● Task instructions
Search the entries for the word "header" and return every line where it is found.

= = =

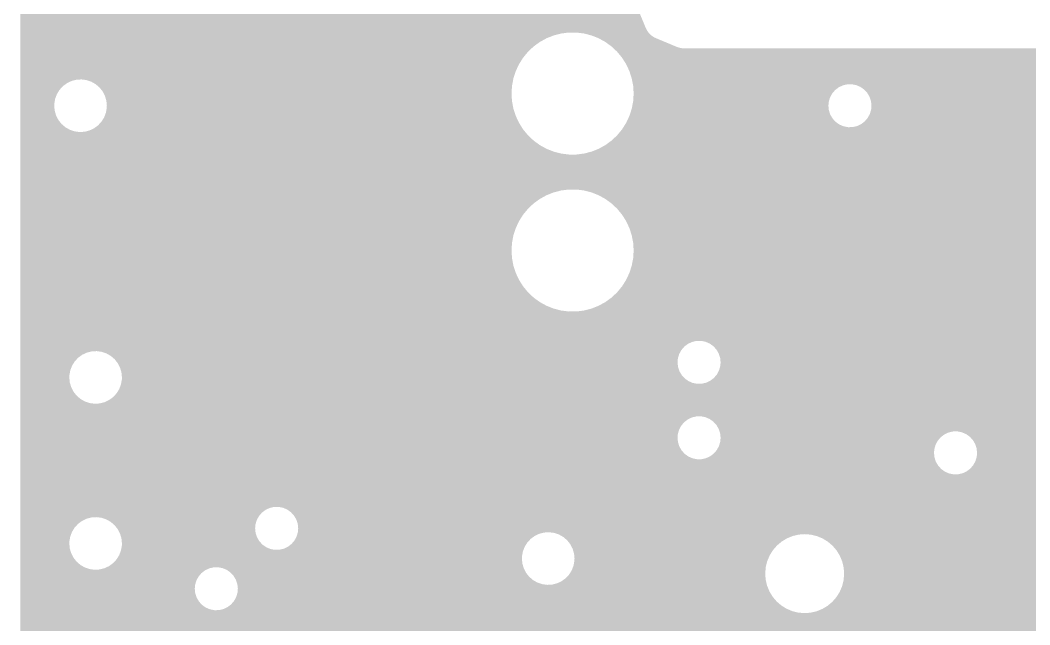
# Model space of a CAD drawing. Extents: x 295 to 953, y 10 to 290.
# Drawn here: x 566.9 to 622.2, y 101.8 to 134.8 of the extents above; entities that cross this region are included whole.
import ezdxf

# ---------------------------------------------------------------- set-up
doc = ezdxf.new("R2010")
doc.units = 0
doc.header["$LTSCALE"] = 5
doc.header["$MEASUREMENT"] = 0
doc.layers.add('PWR1', color=7, linetype='CONTINUOUS')

msp = doc.modelspace()

# ---------------------------------------------------------------- linework, layer by layer
at = {"layer": 'PWR1'}
for points in [[(566.926, 134.375), (566.926, 135.538), (601.164, 134.375), (600.682, 135.538)], [(566.926, 134.176), (566.926, 134.375), (601.276, 134.176), (601.164, 134.375)], [(566.926, 134.141), (566.926, 134.176), (601.307, 134.141), (601.276, 134.176)], [(566.926, 134.087), (566.926, 134.141), (596.522, 134.087), (596.939, 134.141)], [(566.926, 134.141), (566.926, 134.141), (596.939, 134.141), (597.359, 134.141)], [(566.926, 133.982), (566.926, 134.087), (596.116, 133.982), (596.522, 134.087)], [(566.926, 133.827), (566.926, 133.982), (595.725, 133.827), (596.116, 133.982)], [(566.926, 133.624), (566.926, 133.827), (595.358, 133.624), (595.725, 133.827)], [(597.775, 134.089), (597.359, 134.141), (601.355, 134.089), (601.307, 134.141)], [(598.095, 134.007), (597.775, 134.089), (601.43, 134.007), (601.355, 134.089)], [(598.182, 133.985), (598.095, 134.007), (601.462, 133.985), (601.43, 134.007)], [(598.452, 133.878), (598.182, 133.985), (601.618, 133.878), (601.462, 133.985)], [(598.547, 133.841), (598.452, 133.878), (601.697, 133.841), (601.618, 133.878)], [(598.573, 133.831), (598.547, 133.841), (601.722, 133.831), (601.697, 133.841)], [(598.941, 133.629), (598.573, 133.831), (602.205, 133.629), (601.722, 133.831)], [(566.926, 133.377), (566.926, 133.624), (595.018, 133.377), (595.358, 133.624)], [(566.926, 133.089), (566.926, 133.377), (594.713, 133.089), (595.018, 133.377)], [(599.281, 133.382), (598.941, 133.629), (602.795, 133.382), (602.205, 133.629)], [(599.313, 133.352), (599.281, 133.382), (602.866, 133.352), (602.795, 133.382)], [(599.38, 133.289), (599.313, 133.352), (603.086, 133.289), (602.866, 133.352)], [(599.394, 133.276), (599.38, 133.289), (603.248, 133.276), (603.086, 133.289)], [(599.587, 133.095), (599.394, 133.276), (715.755, 133.095), (715.319, 133.276)], [(566.926, 132.765), (566.926, 133.089), (594.446, 132.765), (594.713, 133.089)], [(566.926, 132.41), (566.926, 132.765), (594.221, 132.41), (594.446, 132.765)], [(599.645, 133.026), (599.587, 133.095), (715.922, 133.026), (715.755, 133.095)], [(599.645, 133.025), (599.645, 133.026), (715.922, 133.025), (715.922, 133.026)], [(599.855, 132.771), (599.645, 133.025), (716.028, 132.771), (715.922, 133.025)], [(600.08, 132.417), (599.855, 132.771), (716.177, 132.417), (716.028, 132.771)], [(566.926, 132.029), (566.926, 132.41), (594.043, 132.029), (594.221, 132.41)], [(600.081, 132.416), (600.081, 132.417), (716.177, 132.416), (716.177, 132.417)], [(600.259, 132.037), (600.081, 132.416), (716.177, 132.037), (716.177, 132.416)], [(600.389, 131.637), (600.259, 132.037), (716.177, 131.637), (716.177, 132.037)], [(566.926, 131.63), (566.926, 132.029), (593.914, 131.63), (594.043, 132.029)], [(566.926, 131.577), (566.926, 131.63), (593.904, 131.577), (593.914, 131.63)], [(566.926, 131.561), (566.926, 131.577), (570.008, 131.561), (570.283, 131.577)], [(566.926, 131.493), (566.926, 131.561), (569.741, 131.493), (570.008, 131.561)], [(566.926, 131.376), (566.926, 131.493), (569.492, 131.376), (569.741, 131.493)], [(570.556, 131.541), (570.283, 131.577), (593.898, 131.541), (593.904, 131.577)], [(570.817, 131.453), (570.556, 131.541), (593.881, 131.453), (593.898, 131.541)], [(600.451, 131.313), (600.389, 131.637), (716.177, 131.313), (716.177, 131.637)], [(566.926, 131.213), (566.926, 131.376), (569.269, 131.213), (569.492, 131.376)], [(566.926, 131.01), (566.926, 131.213), (569.082, 131.01), (569.269, 131.213)], [(566.926, 130.776), (566.926, 131.01), (568.937, 130.776), (569.082, 131.01)], [(571.056, 131.317), (570.817, 131.453), (593.855, 131.317), (593.881, 131.453)], [(571.172, 131.217), (571.056, 131.317), (593.837, 131.217), (593.855, 131.317)], [(571.265, 131.137), (571.172, 131.217), (593.832, 131.137), (593.837, 131.217)], [(571.437, 130.922), (571.265, 131.137), (593.818, 130.922), (593.832, 131.137)], [(600.452, 131.309), (600.451, 131.313), (612.183, 131.309), (612.433, 131.313)], [(600.463, 131.252), (600.452, 131.309), (611.941, 131.252), (612.183, 131.309)], [(600.468, 131.225), (600.463, 131.252), (611.884, 131.225), (611.941, 131.252)], [(600.473, 131.145), (600.468, 131.225), (611.715, 131.145), (611.884, 131.225)], [(600.483, 130.994), (600.473, 131.145), (611.518, 130.994), (611.715, 131.145)], [(600.494, 130.806), (600.483, 130.994), (611.357, 130.806), (611.518, 130.994)], [(612.455, 131.309), (612.433, 131.313), (640.25, 131.309), (640.5, 131.313)], [(612.677, 131.265), (612.455, 131.309), (640.064, 131.265), (640.25, 131.309)], [(612.707, 131.252), (612.677, 131.265), (640.008, 131.252), (640.064, 131.265)], [(612.906, 131.167), (612.707, 131.252), (639.827, 131.167), (640.008, 131.252)], [(612.936, 131.145), (612.906, 131.167), (639.782, 131.145), (639.827, 131.167)], [(613.109, 131.022), (612.936, 131.145), (639.621, 131.022), (639.782, 131.145)], [(613.135, 130.994), (613.109, 131.022), (639.585, 130.994), (639.621, 131.022)], [(613.278, 130.838), (613.135, 130.994), (639.452, 130.838), (639.585, 130.994)], [(566.926, 130.519), (566.926, 130.776), (568.84, 130.519), (568.937, 130.776)], [(566.926, 130.247), (566.926, 130.519), (568.793, 130.247), (568.84, 130.519)], [(571.497, 130.806), (571.437, 130.922), (593.811, 130.806), (593.818, 130.922)], [(571.563, 130.677), (571.497, 130.806), (593.819, 130.677), (593.811, 130.806)], [(571.642, 130.413), (571.563, 130.677), (593.836, 130.413), (593.819, 130.677)], [(571.644, 130.387), (571.642, 130.413), (593.838, 130.387), (593.836, 130.413)], [(571.668, 130.139), (571.644, 130.387), (593.885, 130.139), (593.838, 130.387)], [(600.46, 130.346), (600.469, 130.395), (611.168, 130.346), (611.182, 130.395)], [(600.469, 130.395), (600.481, 130.585), (611.182, 130.395), (611.238, 130.585)], [(600.481, 130.585), (600.494, 130.804), (611.238, 130.585), (611.356, 130.804)], [(600.494, 130.804), (600.494, 130.806), (611.356, 130.804), (611.357, 130.806)], [(613.297, 130.804), (613.278, 130.838), (639.423, 130.804), (639.452, 130.838)], [(613.403, 130.623), (613.297, 130.804), (639.325, 130.623), (639.423, 130.804)], [(613.416, 130.585), (613.403, 130.623), (639.305, 130.585), (639.325, 130.623)], [(613.481, 130.387), (613.416, 130.585), (639.247, 130.387), (639.305, 130.585)], [(613.486, 130.346), (613.481, 130.387), (639.235, 130.346), (639.247, 130.387)], [(566.926, 130.139), (566.926, 130.247), (568.789, 130.139), (568.793, 130.247)], [(566.926, 129.865), (566.926, 130.139), (568.815, 129.865), (568.789, 130.139)], [(566.926, 129.6), (566.926, 129.865), (568.893, 129.6), (568.815, 129.865)], [(571.617, 129.759), (571.654, 129.974), (593.986, 129.759), (593.916, 129.974)], [(571.654, 129.974), (571.664, 130.03), (593.916, 129.974), (593.906, 130.03)], [(571.664, 130.03), (571.668, 130.139), (593.906, 130.03), (593.885, 130.139)], [(600.286, 129.654), (600.362, 129.891), (611.254, 129.654), (611.176, 129.891)], [(600.362, 129.891), (600.391, 129.982), (611.176, 129.891), (611.167, 129.982)], [(600.391, 129.982), (600.421, 130.139), (611.167, 129.982), (611.15, 130.139)], [(600.421, 130.139), (600.46, 130.346), (611.15, 130.139), (611.168, 130.346)], [(613.42, 129.693), (613.477, 129.891), (639.309, 129.693), (639.243, 129.891)], [(613.477, 129.891), (613.489, 129.932), (639.243, 129.891), (639.239, 129.932)], [(613.508, 130.139), (613.486, 130.346), (639.217, 130.139), (639.235, 130.346)], [(613.489, 129.932), (613.508, 130.139), (639.239, 129.932), (639.217, 130.139)], [(566.926, 129.356), (566.926, 129.6), (569.02, 129.356), (568.893, 129.6)], [(566.926, 129.14), (566.926, 129.356), (569.191, 129.14), (569.02, 129.356)], [(571.374, 129.267), (571.519, 129.501), (594.191, 129.267), (594.081, 129.501)], [(571.519, 129.501), (571.547, 129.575), (594.081, 129.501), (594.046, 129.575)], [(571.547, 129.575), (571.617, 129.759), (594.046, 129.575), (593.986, 129.759)], [(600.109, 129.255), (600.195, 129.439), (611.548, 129.255), (611.38, 129.439)], [(600.195, 129.439), (600.262, 129.582), (611.38, 129.439), (611.296, 129.582)], [(600.262, 129.582), (600.286, 129.654), (611.296, 129.582), (611.254, 129.654)], [(613.103, 129.255), (613.14, 129.284), (639.615, 129.255), (639.589, 129.284)], [(613.14, 129.284), (613.273, 129.439), (639.589, 129.284), (639.447, 129.439)], [(613.273, 129.439), (613.302, 129.473), (639.447, 129.439), (639.427, 129.473)], [(613.302, 129.473), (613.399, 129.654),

= = =

● The answer
doc.header["$LTSCALE"] = 5
doc.header["$MEASUREMENT"] = 0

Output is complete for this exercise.